The dataset card YAML frontmatter registers each processor as its own named
config:

```yaml
configs:
- config_name: data
  data_files: "data/*.parquet"
  default: true
- config_name: conversations
  data_files: "conversations/*.parquet"
```

So consumers grab exactly the format they need:

```python
from datasets import load_dataset

# Raw columns — good for analysis
df = load_dataset("my-org/multilingual-greetings", "data", split="train")

# Conversation format — ready for fine-tuning
df_conv = load_dataset("my-org/multilingual-greetings", "conversations", split="train")
print(df_conv[0])
# {'messages': [{'role': 'user', 'content': 'Hey! Como estás?'},
#               {'role': 'assistant', 'content': 'Hola! Estoy bien, gracias...'}]}
```

The Quick Start section in the generated README includes these snippets
automatically — one `load_dataset` call per processor.

**Metadata paths are rewritten too.** Local paths like
`processors-files/conversations/batch_00000.parquet` become
`conversations/batch_00000.parquet` so file references in the metadata match
the actual HF repo structure.

If there are no processors, all of this is silently skipped — no empty
directories, no phantom configs.

***

## The Auto-Generated Dataset Card

This is the fun part. The upload generates a full HuggingFace dataset card from
your run metadata. It pulls from `metadata.json` and `builder_config.json` to
build:

* A **Quick Start** section with `load_dataset` code (including processor subsets)
* A **Dataset Summary** with record count, column count, completion %
* A **Schema & Statistics** table — per-column type, uniqueness, null rate, token stats
* **Generation Details** — how many columns of each config type
* A **Citation** block so people can cite your dataset

Tags default to `["synthetic", "datadesigner"]` plus whatever you pass in.
Size category (`n<1K`, `1K<n<10K`, etc.) is auto-computed. These tags make your
dataset discoverable in [Hub search](https://huggingface.co/datasets?library=datadesigner\&sort=trending)
— you can browse all Data Designer datasets in one place.

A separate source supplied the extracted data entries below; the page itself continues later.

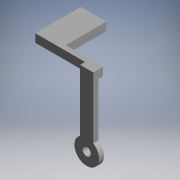
# Autodesk Inventor part: armV
Saved by Autodesk Inventor 2019 (Build 230136000, 136)
## iProperties
Created: 2020-04-01
Part Number: armV
Material: Generic
Document SubType Name: Modeling
Designer: Pulag
Density: 1 g/cm^3
Appearance: Default
Author: Pulag
Autodesk Inventor part; units mm, degrees
ref_plane "YZ Plane" through (0, 0, 0) normal (1, 0, 0) x (0, 1, 0)
ref_plane "XZ Plane" through (0, 0, 0) normal (0, 1, 0) x (-1, 0, 0)
sketch "Sketch1" plane through (0, 0, 0) normal (0, 0, 1) x (1, 0, 0)
  line L0 (6.9956, 3.6314) -> (6.4167, 3.8711) projected
  line L1 (5.7956, 3.9529) -> (6.4167, 3.8711) projected
  line L2 (5.1744, 3.8711) -> (5.7956, 3.9529) projected
  line L3 (4.5956, 3.6314) -> (5.1744, 3.8711) projected
  line L4 (4.0985, 3.25) -> (4.5956, 3.6314) projected
  line L5 (3.7171, 2.7529) -> (4.0985, 3.25) projected
  line L6 (3.4773, 2.1741) -> (3.7171, 2.7529) projected
  line L7 (3.4773, 2.1741) -> (3.3956, 1.5529) projected
  line L8 (3.4773, 0.9317) -> (3.3956, 1.5529) projected
  line L9 (3.4773, 0.9317) -> (3.7171, 0.3529) projected
  line L10 (3.7171, 0.3529) -> (4.0985, -0.1441) projected
  line L11 (4.0985, -0.1441) -> (4.5956, -0.5255) projected
  line L12 (4.5956, -0.5255) -> (5.1744, -0.7653) projected
  line L13 (5.1744, -0.7653) -> (5.7956, -0.8471) projected
  line L14 (5.7956, -0.8471) -> (6.4167, -0.7653) projected
  line L15 (6.4167, -0.7653) -> (6.9956, -0.5255) projected
  line L16 (6.9956, -0.5255) -> (7.4926, -0.1441) projected
  line L17 (7.4926, -0.1441) -> (7.874, 0.3529) projected
  line L18 (8.1138, 0.9317) -> (7.874, 0.3529) projected
  line L19 (8.1138, 0.9317) -> (8.1956, 1.5529) projected
  line L20 (8.1956, 1.5529) -> (8.1138, 2.1741) projected
  line L21 (8.1138, 2.1741) -> (7.874, 2.7529) projected
  line L22 (7.874, 2.7529) -> (7.4926, 3.25) projected
  line L23 (6.9956, 3.6314) -> (7.4926, 3.25) projected
  line L24 (6.7956, 1.5529) -> (6.7615, 1.8117) projected
  line L25 (6.7615, 1.2941) -> (6.7956, 1.5529) projected
  line L26 (6.6616, 1.0529) -> (6.7615, 1.2941) projected
  line L27 (6.5027, 0.8458) -> (6.6616, 1.0529) projected
  line L28 (6.2956, 0.6869) -> (6.5027, 0.8458) projected
  line L29 (6.0544, 0.587) -> (6.2956, 0.6869) projected
  line L30 (5.7956, 0.5529) -> (6.0544, 0.587) projected
  line L31 (5.5367, 0.587) -> (5.7956, 0.5529) projected
  line L32 (5.2956, 0.6869) -> (5.5367, 0.587) projected
  line L33 (5.0884, 0.8458) -> (5.2956, 0.6869) projected
  line L34 (4.9295, 1.0529) -> (5.0884, 0.8458) projected
  line L35 (4.8296, 1.2941) -> (4.9295, 1.0529) projected
  line L36 (4.7956, 1.5529) -> (4.8296, 1.2941) projected
  line L37 (4.7956, 1.5529) -> (4.8296, 1.8117) projected
  line L38 (4.8296, 1.8117) -> (4.9295, 2.0529) projected
  line L39 (4.9295, 2.0529) -> (5.0884, 2.26) projected
  line L40 (5.0884, 2.26) -> (5.2956, 2.4189) projected
  line L41 (5.2956, 2.4189) -> (5.5367, 2.5188) projected
  line L42 (5.5367, 2.5188) -> (5.7956, 2.5529) projected
  line L43 (5.7956, 2.5529) -> (6.0544, 2.5188) projected
  line L44 (6.0544, 2.5188) -> (6.2956, 2.4189) projected
  line L45 (6.2956, 2.4189) -> (6.5027, 2.26) projected
  line L46 (6.5027, 2.26) -> (6.6616, 2.0529) projected
  line L47 (6.6616, 2.0529) -> (6.7615, 1.8117) projected
  circle A0 centre (5.7956, 1.5529) radius 2.5
  arc A1 (1.7956, 7.8972) -> (9.7955, 7.8972) centre (5.7956, 1.5529) ccw
  line L48 (-28.4804, 55.5109) -> (-15.9804, 55.5109) projected
  line L49 (-28.4804, 55.5109) -> (-28.4804, 40.3109) projected
  line L50 (-15.9804, 40.3109) -> (-28.4804, 40.3109) projected
  line L51 (-15.9804, 40.3109) -> (-15.9804, 55.5109) projected
  line L52 (-20.6474, 51.7815) -> (-20.6304, 51.9109) projected
  line L53 (-20.6974, 51.6609) -> (-20.6474, 51.7815) projected
  line L54 (-20.7768, 51.5573) -> (-20.6974, 51.6609) projected
  line L55 (-20.8804, 51.4779) -> (-20.7768, 51.5573) projected
  line L56 (-21.001, 51.4279) -> (-20.8804, 51.4779) projected
  line L57 (-21.1304, 51.4109) -> (-21.001, 51.4279) projected
  line L58 (-21.2598, 51.4279) -> (-21.1304, 51.4109) projected
  line L59 (-21.3804, 51.4779) -> (-21.2598, 51.4279) projected
  line L60 (-21.4839, 51.5573) -> (-21.3804, 51.4779) projected
  line L61 (-21.5634, 51.6609) -> (-21.4839, 51.5573) projected
  line L62 (-21.5634, 51.6609) -> (-21.6133, 51.7815) projected
  line L63 (-21.6133, 51.7815) -> (-21.6304, 51.9109) projected
  line L64 (-21.6304, 51.9109) -> (-21.6133, 52.0403) projected
  line L65 (-21.5634, 52.1609) -> (-21.6133, 52.0403) projected
  line L66 (-21.4839, 52.2645) -> (-21.5634, 52.1609) projected
  line L67 (-21.3804, 52.3439) -> (-21.4839, 52.2645) projected
  line L68 (-21.3804, 52.3439) -> (-21.2598, 52.3939) projected
  line L69 (-21.2598, 52.3939) -> (-21.1304, 52.4109) projected
  line L70 (-21.1304, 52.4109) -> (-21.001, 52.3939) projected
  line L71 (-21.001, 52.3939) -> (-20.8804, 52.3439) projected
  line L72 (-20.8804, 52.3439) -> (-20.7768, 52.2645) projected
  line L73 (-20.7768, 52.2645) -> (-20.6974, 52.1609) projected
  line L74 (-20.6974, 52.1609) -> (-20.6474, 52.0403) projected
  line L75 (-20.6304, 51.9109) -> (-20.6474, 52.0403) projected
  line L76 (-21.7474, 51.7815) -> (-21.7304, 51.9109) projected
  line L77 (-21.7974, 51.6609) -> (-21.7474, 51.7815) projected
  line L78 (-21.8768, 51.5573) -> (-21.7974, 51.6609) projected
  line L79 (-21.9804, 51.4779) -> (-21.8768, 51.5573) projected
  line L80 (-22.101, 51.4279) -> (-21.9804, 51.4779) projected
  line L81 (-22.2304, 51.4109) -> (-22.101, 51.4279) projected
  line L82 (-22.3598, 51.4279) -> (-22.2304, 51.4109) projected
  line L83 (-22.4804, 51.4779) -> (-22.3598, 51.4279) projected
  line L84 (-22.5839, 51.5573) -> (-22.4804, 51.4779) projected
  line L85 (-22.6634, 51.6609) -> (-22.5839, 51.5573) projected
  line L86 (-22.6634, 51.6609) -> (-22.7133, 51.7815) projected
  line L87 (-22.7133, 51.7815) -> (-22.7304, 51.9109) projected
  line L88 (-22.7304, 51.9109) -> (-22.7133, 52.0403) projected
  line L89 (-22.6634, 52.1609) -> (-22.7133, 52.0403) projected
  line L90 (-22.5839, 52.2645) -> (-22.6634, 52.1609) projected
  line L91 (-22.4804, 52.3439) -> (-22.5839, 52.2645) projected
  line L92 (-22.4804, 52.3439) -> (-22.3598, 52.3939) projected
  line L93 (-22.3598, 52.3939) -> (-22.2304, 52.4109) projected
  line L94 (-22.2304, 52.4109) -> (-22.101, 52.3939) projected
  line L95 (-22.101, 52.3939) -> (-21.9804, 52.3439) projected
  line L96 (-21.9804, 52.3439) -> (-21.8768, 52.2645) projected
  line L97 (-21.8768, 52.2645) -> (-21.7974, 52.1609) projected
  line L98 (-21.7974, 52.1609) -> (-21.7474, 52.0403) projected
  line L99 (-21.7304, 51.9109) -> (-21.7474, 52.0403) projected
  line L100 (-22.8474, 51.7815) -> (-22.8304, 51.9109) projected
  line L101 (-22.8974, 51.6609) -> (-22.8474, 51.7815) projected
  line L102 (-22.9768, 51.5573) -> (-22.8974, 51.6609) projected
  line L103 (-23.0804, 51.4779) -> (-22.9768, 51.5573) projected
  line L104 (-23.201, 51.4279) -> (-23.0804, 51.4779) projected
  line L105 (-23.3304, 51.4109) -> (-23.201, 51.4279) projected
  line L106 (-23.4598, 51.4279) -> (-23.3304, 51.4109) projected
  line L107 (-23.5804, 51.4779) -> (-23.4598, 51.4279) projected
  line L108 (-23.6839, 51.5573) -> (-23.5804, 51.4779) projected
  line L109 (-23.7634, 51.6609) -> (-23.6839, 51.5573) projected
  line L110 (-23.7634, 51.6609) -> (-23.8133, 51.7815) projected
  line L111 (-23.8133, 51.7815) -> (-23.8304, 51.9109) projected
  line L112 (-23.8304, 51.9109) -> (-23.8133, 52.0403) projected
  line L113 (-23.7634, 52.1609) -> (-23.8133, 52.0403) projected
  line L114 (-23.6839, 52.2645) -> (-23.7634, 52.1609) projected
  line L115 (-23.5804, 52.3439) -> (-23.6839, 52.2645) projected
  line L116 (-23.5804, 52.3439) -> (-23.4598, 52.3939) projected
  line L117 (-23.4598, 52.3939) -> (-23.3304, 52.4109) projected
  line L118 (-23.3304, 52.4109) -> (-23.201, 52.3939) projected
  line L119 (-23.201, 52.3939) -> (-23.0804, 52.3439) projected
  line L120 (-23.0804, 52.3439) -> (-22.9768, 52.2645) projected
  line L121 (-22.9768, 52.2645) -> (-22.8974, 52.1609) projected
  line L122 (-22.8974, 52.1609) -> (-22.8474, 52.0403) projected
  line L123 (-22.8304, 51.9109) -> (-22.8474, 52.0403) projected
  line L124 (-21.6304, 37.8109) -> (-21.6304, 40.3109) projected
  line L125 (-15.9804, 37.8109) -> (-21.6304, 37.8109) projected
  line L126 (-15.9804, 37.8109) -> (-15.9804, 40.3109) projected
  line L127 (-21.6304, 40.3109) -> (-15.9804, 40.3109) projected
  line L128 (-28.4804, 37.8109) -> (-28.4804, 40.3109) projected
  line L129 (-22.8304, 37.8109) -> (-28.4804, 37.8109) projected
  line L130 (-22.8304, 37.8109) -> (-22.8304, 40.3109) projected
  line L131 (-28.4804, 40.3109) -> (-22.8304, 40.3109) projected
  line L132 (-28.4804, 40.3109) -> (-15.9804, 40.3109)
  line L133 (-15.9804, 40.3109) -> (-15.9804, 45.3109)
  line L134 (-15.9804, 45.3109) -> (-28.4804, 45.3109)
  line L135 (-28.4804, 45.3109) -> (-28.4804, 40.3109)
  line L136 (-15.9804, 45.3109) -> (-12.9804, 45.3109)
  line L137 (-12.9804, 45.3109) -> (-12.9804, 40.3109)
  line L138 (-12.9804, 40.3109) -> (-15.9804, 40.3109)
  line L139 (-15.9804, 40.3109) -> (-15.9804, 45.3109)
  line L140 (-28.4804, 45.3109) -> (-31.4804, 45.3109)
  line L141 (-31.4804, 45.3109) -> (-31.4804, 40.3109)
  line L142 (-31.4804, 40.3109) -> (-28.4804, 40.3109)
  line L143 (-28.4804, 40.3109) -> (-28.4804, 45.3109)
  line L144 (-12.9804, 45.3109) -> (5.7956, 45.3109)
  line L145 (1.7956, 40.3109) -> (-12.9804, 40.3109)
  line L146 (-12.9804, 40.3109) -> (-12.9804, 45.3109)
  line L147 (9.7956, 45.3109) -> (9.7955, 7.8972)
  line L148 (1.7956, 7.8972) -> (1.7956, 40.3109)
  line L149 (1.7956, 45.3109) -> (9.7956, 45.3109)
  line L150 (9.7956, 45.3109) -> (1.7956, 3.9529) construction
  line L151 (9.7956, 3.9529) -> (1.7956, 45.3109) construction
  line L152 (5.7956, 4.0529) -> (5.7956, 3.9529)
  line L153 (5.7956, 1.5529) -> (-36.8703, 1.5529)
  line L154 (-22.2304, 45.3109) -> (-22.2304, 1.5529)
  line L155 (1.7956, 39.0609) -> (1.7956, 45.3109)
  point P0 (0, 0)
  point P1 (5.7956, 24.6319)
  dimension "d0" = 5
  dimension "d1" = 15
  dimension "d2" = 5
  dimension "d3" = 3
  dimension "d4" = 3
  dimension "d6" = 8
  constraints: 48 end point, 9 parallel, 5 horizontal, 4 midpoint, 4 perpendicular, 4 point on line, 2 coincident, 2 point on circle, 1 centre point, 1 vertical, 3 other
  measures "d1" diameter of A1
  measures "d2" distance of L133.end L132.end
  measures "d3" distance of L137.end L138.end
  measures "d4" distance of L142.end L141.end
  measures "d6" distance of L151.start L150.end
extrude "Extrusion1" add sketch "Sketch1" along normal blind 3 contours A1 L148 L155 L144 L149 L147
sketch "Sketch2" plane through (1.7956, 39.0609, 0) normal (-1, 0, 0) x (0, 0, 1)
  line L0 (-5.2631, 16.45) -> (-5.2631, 1.25) projected
  line L1 (-27.7631, 1.25) -> (-27.7631, 16.45) projected
  line L2 (-5.2631, 16.45) -> (-27.7631, 16.45) projected
  line L3 (-27.7631, 1.25) -> (-27.7631, 16.45) projected
  line L4 (-27.7631, 1.25) -> (-32.5631, 1.25) projected
  line L5 (-32.5631, 1.25) -> (-32.5631, -1.25) projected
  line L6 (-27.7631, -1.25) -> (-32.5631, -1.25) projected
  line L7 (-27.7631, -1.25) -> (-27.7631, -5.75) projected
  line L8 (-5.2631, -5.75) -> (-27.7631, -5.75) projected
  line L9 (-5.2631, -1.25) -> (-5.2631, -5.75) projected
  line L10 (-5.2631, -1.25) -> (-0.4631, -1.25) projected
  line L11 (-0.4631, -1.25) -> (-0.4631, 1.25) projected
  line L12 (-5.2631, 1.25) -> (-0.4631, 1.25) projected
  line L13 (-5.2631, 16.45) -> (-5.2631, 1.25) projected
  line L14 (0, 6.25) -> (0, 0) projected
  line L15 (-27.7631, 1.25) -> (0, 1.25)
  line L16 (0, 1.25) -> (0, 6.25)
  line L17 (0, 6.25) -> (-27.7631, 6.25)
  line L18 (-27.7631, 6.25) -> (-27.7631, 1.25)
  line L19 (-27.7631, 6.25) -> (-30.7631, 6.25)
  line L20 (-30.7631, 6.25) -> (-30.7631, 1.25)
  line L21 (-30.7631, 1.25) -> (-27.7631, 1.25)
  line L22 (-27.7631, 1.25) -> (-27.7631, 6.25)
  point P0 (0, -39.0609)
  dimension "d9" = 3
  constraints: 16 end point, 4 parallel, 2 horizontal, 2 perpendicular, 1 point on line
  measures "d9" distance of L21.end L20.end
ref_plane "Work Plane1" through (-28.4804, 33.3109, -32.5631) normal (-1, 0, 0) x (0, 0, 1)
extrude "Extrusion2" add sketch "Sketch2" against normal blind 15.5 from surface at 30.276 contours L17 L14 L15 L12 L0 | L0 L15 L1 L17
sketch "Sketch3" plane through (-12.9804, 40.3109, 0) normal (1, 0, 0) x (0, 0, -1)
  line L0 (0, -32.4137) -> (0, 5) projected
  line L1 (0, 5) -> (-3, 5) projected
  line L2 (-3, -32.4137) -> (-3, 5) projected
  line L3 (0, -32.4137) -> (-3, -32.4137) projected
  line L4 (0, 5) -> (0, 0) projected
  line L5 (0, 0) -> (27.7631, 0) projected
  line L6 (27.7631, 0) -> (27.7631, 5) projected
  line L7 (27.7631, 5) -> (0, 5) projected
  line L8 (27.7631, 5) -> (0, 5) projected
  line L9 (0, 0) -> (3, 0)
  line L10 (3, 0) -> (3, 5)
  line L11 (3, 5) -> (0, 5)
  line L12 (0, 5) -> (0, 0)
  point P0 (0, -40.3109)
  dimension "d12" = 3
  constraints: 8 end point, 2 parallel, 1 horizontal, 1 perpendicular, 1 point on line
  measures "d12" distance of L11.end L10.end
extrude "Extrusion3" add sketch "Sketch3" along normal up to surface (22.776 mm away) contours L0 L7 L10 L5
body "Solid1"

The template lives at `packages/data-designer/src/data_designer/integrations/huggingface/dataset_card_template.md` if you
want to see the Jinja2 source.

***

## Auth

Token resolution follows the standard `huggingface_hub` chain:

1. Explicit `token=` parameter
2. `HF_TOKEN` env var
3. Cached creds from `hf auth login`

If none of those work, you get a clear error telling you what to do.

***

## Reproducible Pipelines — The Round-Trip

![Round-Trip Reproducibility](https://files.buildwithfern.com/datadesigner.docs.buildwithfern.com/nemo/datadesigner/3f615c85d8ba75d3748a31733930aae34f50f7ec19300df2bbe224f3717297cd/assets/push-datasets-to-hugging-face-hub/push-to-hub-round-trip.png)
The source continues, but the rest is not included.